:: WHAT THE TASK ASKS ::
Tell me how many lines in the data include "ezdxf", and keep the reply to that number.

--- --- ---

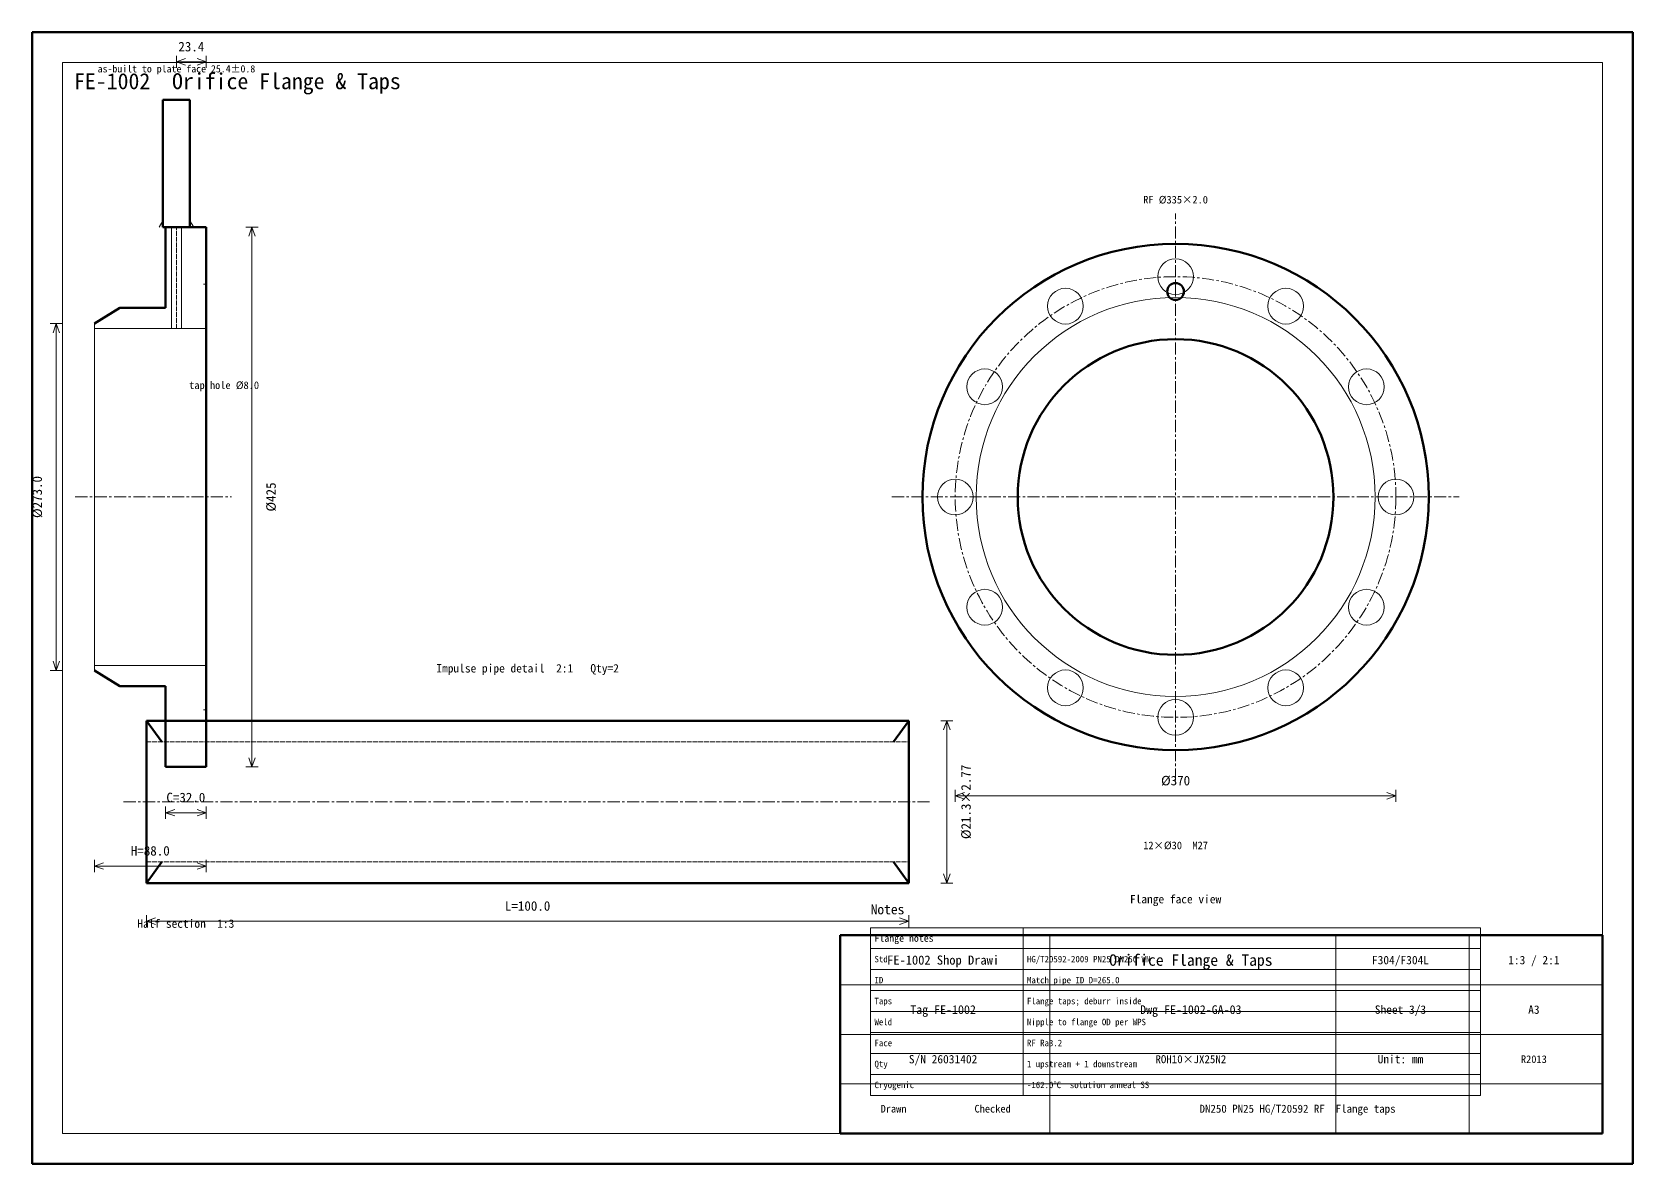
# Model space of a CAD drawing. Header units: millimetres. Extents: x 0 to 1360, y -183 to 551.
# Drawn here: x 940 to 1360, y 0 to 297 of the extents above; entities that cross this region are included whole.
import ezdxf
from ezdxf.enums import TextEntityAlignment as Align

# ---------------------------------------------------------------- set-up
doc = ezdxf.new("R2010")
doc.units = ezdxf.units.MM
doc.linetypes.add('CENTER', pattern=[5.08, 3.175, -0.635, 0.635, -0.635])
doc.linetypes.add('DASHED', pattern=[1.524, 1.27, -0.254])
for name, color, linetype, lineweight in [('中心线', 1, 'CENTER', 18), ('图框', 7, 'Continuous', 18), ('文字', 7, 'Continuous', 18), ('标注', 3, 'Continuous', 18), ('细实线', 7, 'Continuous', 18), ('虚线', 8, 'DASHED', 18), ('表格', 7, 'Continuous', 18), ('轮廓', 7, 'Continuous', 60)]:
    doc.layers.add(name, color=color, linetype=linetype, lineweight=lineweight)
doc.styles.add('CN', font='simhei.ttf')

msp = doc.modelspace()

# ---------------------------------------------------------------- linework, layer by layer
at = {"layer": '中心线', "linetype": 'CENTER', "lineweight": 18}
for p, q in [((1240, 100.59), (1240, 249.41)), ((951.33, 175), (992.33, 175)), ((1165.59, 175), (1314.41, 175)), ((964, 95), (1176, 95))]:
    msp.add_line(p, q, dxfattribs=at)
msp.add_circle((1240, 175), 57.81, dxfattribs=at)
at = {"layer": '图框', "linetype": 'Continuous', "lineweight": 60}
for p, q in [((1360, 297), (940, 297)), ((940, 297), (940, 0)), ((1360, 0), (1360, 297)), ((1352, 60), (1152, 60)), ((1152, 60), (1152, 8)), ((1352, 8), (1352, 60)), ((1152, 8), (1352, 8)), ((940, 0), (1360, 0))]:
    msp.add_line(p, q, dxfattribs=at)
at = {"layer": '图框', "linetype": 'Continuous', "lineweight": 18}
for p, q in [((1352, 289), (948, 289)), ((948, 289), (948, 8)), ((1352, 8), (1352, 289)), ((1207, 8), (1207, 60)), ((1282, 8), (1282, 60)), ((1317, 8), (1317, 60)), ((1152, 47), (1352, 47)), ((1152, 34), (1352, 34)), ((1152, 21), (1352, 21)), ((948, 8), (1352, 8))]:
    msp.add_line(p, q, dxfattribs=at)
at = {"layer": '标注', "linetype": 'Continuous', "lineweight": 18}
for p, q in [((977.87, 287.57), (977.87, 290.77)), ((977.87, 289.17), (980.27, 290.02)), ((985.67, 289.17), (983.27, 290.02)), ((985.67, 287.57), (985.67, 290.77)), ((977.87, 289.17), (985.67, 289.17)), ((977.87, 289.17), (980.27, 288.32)), ((985.67, 289.17), (983.27, 288.32)), ((996.07, 245.83), (999.27, 245.83)), ((997.67, 245.83), (996.82, 243.43)), ((997.67, 104.17), (997.67, 245.83)), ((997.67, 245.83), (998.52, 243.43)), ((944.73, 220.5), (947.93, 220.5)), ((946.33, 220.5), (945.48, 218.1)), ((946.33, 129.5), (946.33, 220.5)), ((946.33, 220.5), (947.18, 218.1)), ((946.33, 129.5), (945.48, 131.9)), ((946.33, 129.5), (947.18, 131.9)), ((944.73, 129.5), (947.93, 129.5)), ((1178.4, 116.3), (1181.6, 116.3)), ((1180, 116.3), (1179.15, 113.9)), ((1180, 73.7), (1180, 116.3)), ((1180, 116.3), (1180.85, 113.9)), ((997.67, 104.17), (996.82, 106.57)), ((997.67, 104.17), (998.52, 106.57)), ((996.07, 104.17), (999.27, 104.17)), ((1182.19, 94.99), (1182.19, 98.19)), ((1182.19, 96.59), (1184.59, 97.44)), ((1297.81, 96.59), (1295.41, 97.44)), ((1297.81, 94.99), (1297.81, 98.19)), ((975, 90.57), (975, 93.77)), ((975, 92.17), (977.4, 93.02)), ((985.67, 92.17), (983.27, 93.02)), ((985.67, 90.57), (985.67, 93.77)), ((1182.19, 96.59), (1297.81, 96.59)), ((1182.19, 96.59), (1184.59, 95.74)), ((1297.81, 96.59), (1295.41, 95.74)), ((975, 92.17), (985.67, 92.17)), ((975, 92.17), (977.4, 91.32)), ((985.67, 92.17), (983.27, 91.32)), ((956.33, 76.57), (956.33, 79.77)), ((956.33, 78.17), (958.73, 79.02)), ((956.33, 78.17), (985.67, 78.17)), ((956.33, 78.17), (958.73, 77.32)), ((985.67, 78.17), (983.27, 79.02)), ((985.67, 78.17), (983.27, 77.32)), ((985.67, 76.57), (985.67, 79.77)), ((1180, 73.7), (1179.15, 76.1)), ((1180, 73.7), (1180.85, 76.1)), ((1178.4, 73.7), (1181.6, 73.7)), ((970, 62.1), (970, 65.3)), ((970, 63.7), (972.4, 64.55)), ((970, 63.7), (1170, 63.7)), ((970, 63.7), (972.4, 62.85)), ((1170, 63.7), (1167.6, 64.55)), ((1170, 63.7), (1167.6, 62.85)), ((1170, 62.1), (1170, 65.3))]:
    msp.add_line(p, q, dxfattribs=at)
at = {"layer": '细实线', "linetype": 'Continuous', "lineweight": 18}
for p, q in [((973.32, 245.83), (974.32, 247.5)), ((976.53, 219.17), (976.53, 245.83)), ((979.2, 219.17), (979.2, 245.83)), ((982.42, 245.83), (981.42, 247.5)), ((985, 230.83), (985.67, 230.83)), ((956.33, 220.5), (956.33, 129.5)), ((956.33, 219.17), (985.67, 219.17)), ((956.33, 130.83), (985.67, 130.83)), ((985, 119.17), (985.67, 119.17))]:
    msp.add_line(p, q, dxfattribs=at)
for centre, radius in [((1240, 232.81), 4.69), ((1240, 175), 52.34), ((1211.09, 225.07), 4.69), ((1268.91, 225.07), 4.69), ((1189.93, 203.91), 4.69), ((1290.07, 203.91), 4.69), ((1182.19, 175), 4.69), ((1297.81, 175), 4.69), ((1189.93, 146.09), 4.69), ((1290.07, 146.09), 4.69), ((1211.09, 124.93), 4.69), ((1268.91, 124.93), 4.69), ((1240, 117.19), 4.69)]:
    msp.add_circle(centre, radius, dxfattribs=at)
at = {"layer": '虚线', "linetype": 'DASHED', "lineweight": 18}
for p, q in [((977.87, 219.17), (977.87, 245.83)), ((970, 110.76), (1170, 110.76)), ((970, 79.24), (1170, 79.24))]:
    msp.add_line(p, q, dxfattribs=at)
at = {"layer": '表格', "linetype": 'Continuous', "lineweight": 18}
for p, q in [((1200, 62), (1160, 62)), ((1160, 62), (1160, 56.5)), ((1200, 56.5), (1200, 62)), ((1320, 62), (1200, 62)), ((1200, 62), (1200, 56.5)), ((1320, 56.5), (1320, 62)), ((1160, 56.5), (1200, 56.5)), ((1200, 56.5), (1160, 56.5)), ((1160, 56.5), (1160, 51)), ((1200, 56.5), (1320, 56.5)), ((1200, 51), (1200, 56.5)), ((1320, 56.5), (1200, 56.5)), ((1200, 56.5), (1200, 51)), ((1320, 51), (1320, 56.5)), ((1160, 51), (1200, 51)), ((1200, 51), (1160, 51)), ((1160, 51), (1160, 45.5)), ((1200, 51), (1320, 51)), ((1200, 45.5), (1200, 51)), ((1320, 51), (1200, 51)), ((1200, 51), (1200, 45.5)), ((1320, 45.5), (1320, 51)), ((1160, 45.5), (1200, 45.5)), ((1200, 45.5), (1160, 45.5)), ((1160, 45.5), (1160, 40)), ((1200, 45.5), (1320, 45.5)), ((1200, 40), (1200, 45.5)), ((1320, 45.5), (1200, 45.5)), ((1200, 45.5), (1200, 40)), ((1320, 40), (1320, 45.5)), ((1160, 40), (1200, 40)), ((1200, 40), (1160, 40)), ((1160, 40), (1160, 34.5)), ((1200, 40), (1320, 40)), ((1200, 34.5), (1200, 40)), ((1320, 40), (1200, 40)), ((1200, 40), (1200, 34.5)), ((1320, 34.5), (1320, 40)), ((1160, 34.5), (1200, 34.5)), ((1200, 34.5), (1160, 34.5)), ((1160, 34.5), (1160, 29)), ((1200, 34.5), (1320, 34.5)), ((1200, 29), (1200, 34.5)), ((1320, 34.5), (1200, 34.5)), ((1200, 34.5), (1200, 29)), ((1320, 29), (1320, 34.5)), ((1160, 29), (1200, 29)), ((1200, 29), (1160, 29)), ((1160, 29), (1160, 23.5)), ((1200, 29), (1320, 29)), ((1200, 23.5), (1200, 29)), ((1320, 29), (1200, 29)), ((1200, 29), (1200, 23.5)), ((1320, 23.5), (1320, 29)), ((1160, 23.5), (1200, 23.5)), ((1200, 23.5), (1160, 23.5)), ((1160, 23.5), (1160, 18)), ((1200, 23.5), (1320, 23.5)), ((1200, 18), (1200, 23.5)), ((1320, 23.5), (1200, 23.5)), ((1200, 23.5), (1200, 18)), ((1320, 18), (1320, 23.5)), ((1160, 18), (1200, 18)), ((1200, 18), (1320, 18))]:
    msp.add_line(p, q, dxfattribs=at)
at = {"layer": '轮廓', "linetype": 'Continuous', "lineweight": 60}
for p, q in [((981.42, 279.17), (974.32, 279.17)), ((974.32, 279.17), (974.32, 245.83)), ((981.42, 245.83), (981.42, 279.17)), ((974.32, 245.83), (981.42, 245.83)), ((985.67, 245.83), (975, 245.83)), ((975, 245.83), (975, 224.67)), ((985.67, 230.83), (985.67, 245.83)), ((985.67, 230.83), (985.67, 119.17)), ((963, 224.67), (956.33, 220.5)), ((975, 224.67), (963, 224.67)), ((963, 125.33), (956.33, 129.5)), ((975, 125.33), (963, 125.33)), ((975, 104.17), (975, 125.33)), ((985.67, 119.17), (985.67, 104.17)), ((1170, 116.3), (970, 116.3)), ((970, 116.3), (970, 73.7)), ((970, 116.3), (974, 110.76)), ((1170, 116.3), (1166, 110.76)), ((1170, 73.7), (1170, 116.3)), ((985.67, 104.17), (975, 104.17)), ((970, 73.7), (974, 79.24)), ((1170, 73.7), (1166, 79.24)), ((970, 73.7), (1170, 73.7))]:
    msp.add_line(p, q, dxfattribs=at)
for centre, radius in [((1240, 175), 66.41), ((1240, 228.91), 2.2), ((1240, 175), 41.41)]:
    msp.add_circle(centre, radius, dxfattribs=at)

# ---------------------------------------------------------------- texts
at = {"layer": '文字', "style": 'CN'}
for s, height, p in [('FE-1002  Orifice Flange & Taps', 4.2, (951, 282)), ('Notes', 2.6, (1160, 65.5))]:
    msp.add_text(s, height=height, dxfattribs=at).set_placement(p)
msp.add_text('Impulse pipe detail  2:1   Qty=2', height=2.2, dxfattribs=at).set_placement((1070, 128.3), align=Align.BOTTOM_CENTER)
for s, p in [('Flange face view', (1240, 70.59)), ('Half section  1:3', (980.33, 64.17))]:
    msp.add_text(s, height=2.2, dxfattribs=at).set_placement(p, align=Align.TOP_CENTER)
for s, height, p in [('FE-1002 Shop Drawi', 2.4, (1179, 53.5)), ('Orifice Flange & Taps', 3, (1244, 53.5)), ('F304/F304L', 2.2, (1299, 53.5)), ('1:3 / 2:1', 2.2, (1334, 53.5)), ('Tag FE-1002', 2.3, (1179, 40.5)), ('Dwg FE-1002-GA-03', 2.3, (1244, 40.5)), ('Sheet 3/3', 2.2, (1299, 40.5)), ('A3', 2.2, (1334, 40.5)), ('S/N 26031402', 2.2, (1179, 27.5)), ('ROH10×JX25N2', 2.1, (1244, 27.5)), ('Unit: mm', 2.2, (1299, 27.5)), ('R2013', 2, (1334, 27.5)), ('Drawn', 2, (1166, 14.5)), ('Checked', 2, (1192, 14.5)), ('DN250 PN25 HG/T20592 RF  Flange taps', 2.1, (1272, 14.5))]:
    msp.add_text(s, height=height, dxfattribs=at).set_placement(p, align=Align.MIDDLE_CENTER)
at = {"layer": '标注', "style": 'CN'}
for s, height, p in [('23.4', 2.5, (981.77, 291.17)), ('as-built to plate face 25.4±0.8', 1.9, (977.87, 285.83)), ('RF Ø335×2.0', 2, (1240, 251.41)), ('Ø370', 2.5, (1240, 98.59)), ('C=32.0', 2.5, (980.33, 94.17)), ('H=88.0', 2.5, (971, 80.17)), ('L=100.0', 2.5, (1070, 65.7))]:
    msp.add_text(s, height=height, dxfattribs=at).set_placement(p, align=Align.BOTTOM_CENTER)
msp.add_text('tap hole Ø8.0', height=2, dxfattribs=at).set_placement((981.2, 203.33))
for s, p in [('Ø273.0', (941.33, 175)), ('Ø425', (1002.67, 175)), ('Ø21.3×2.77', (1185, 95))]:
    msp.add_text(s, height=2.5, rotation=90, dxfattribs=at).set_placement(p, align=Align.MIDDLE_CENTER)
msp.add_text('12×Ø30  M27', height=2, dxfattribs=at).set_placement((1240, 84.59), align=Align.TOP_CENTER)
at = {"layer": '表格', "style": 'CN'}
for s, height, p in [('Flange notes', 1.9, (1161, 59.25)), ('Std', 1.7, (1161, 53.75)), ('HG/T20592-2009 PN25 DN250 WN', 1.7, (1201, 53.75)), ('ID', 1.7, (1161, 48.25)), ('Match pipe ID D=265.0', 1.7, (1201, 48.25)), ('Taps', 1.7, (1161, 42.75)), ('Flange taps; deburr inside', 1.7, (1201, 42.75)), ('Weld', 1.7, (1161, 37.25)), ('Nipple to flange OD per WPS', 1.7, (1201, 37.25)), ('Face', 1.7, (1161, 31.75)), ('RF Ra3.2', 1.7, (1201, 31.75)), ('Qty', 1.7, (1161, 26.25)), ('1 upstream + 1 downstream', 1.7, (1201, 26.25)), ('Cryogenic', 1.7, (1161, 20.75)), ('-162.0°C  solution anneal SS', 1.7, (1201, 20.75))]:
    msp.add_text(s, height=height, dxfattribs=at).set_placement(p, align=Align.MIDDLE_LEFT)

doc.saveas('drawing.dxf')

--- --- ---

:: REPLY TO THE TASK ::
4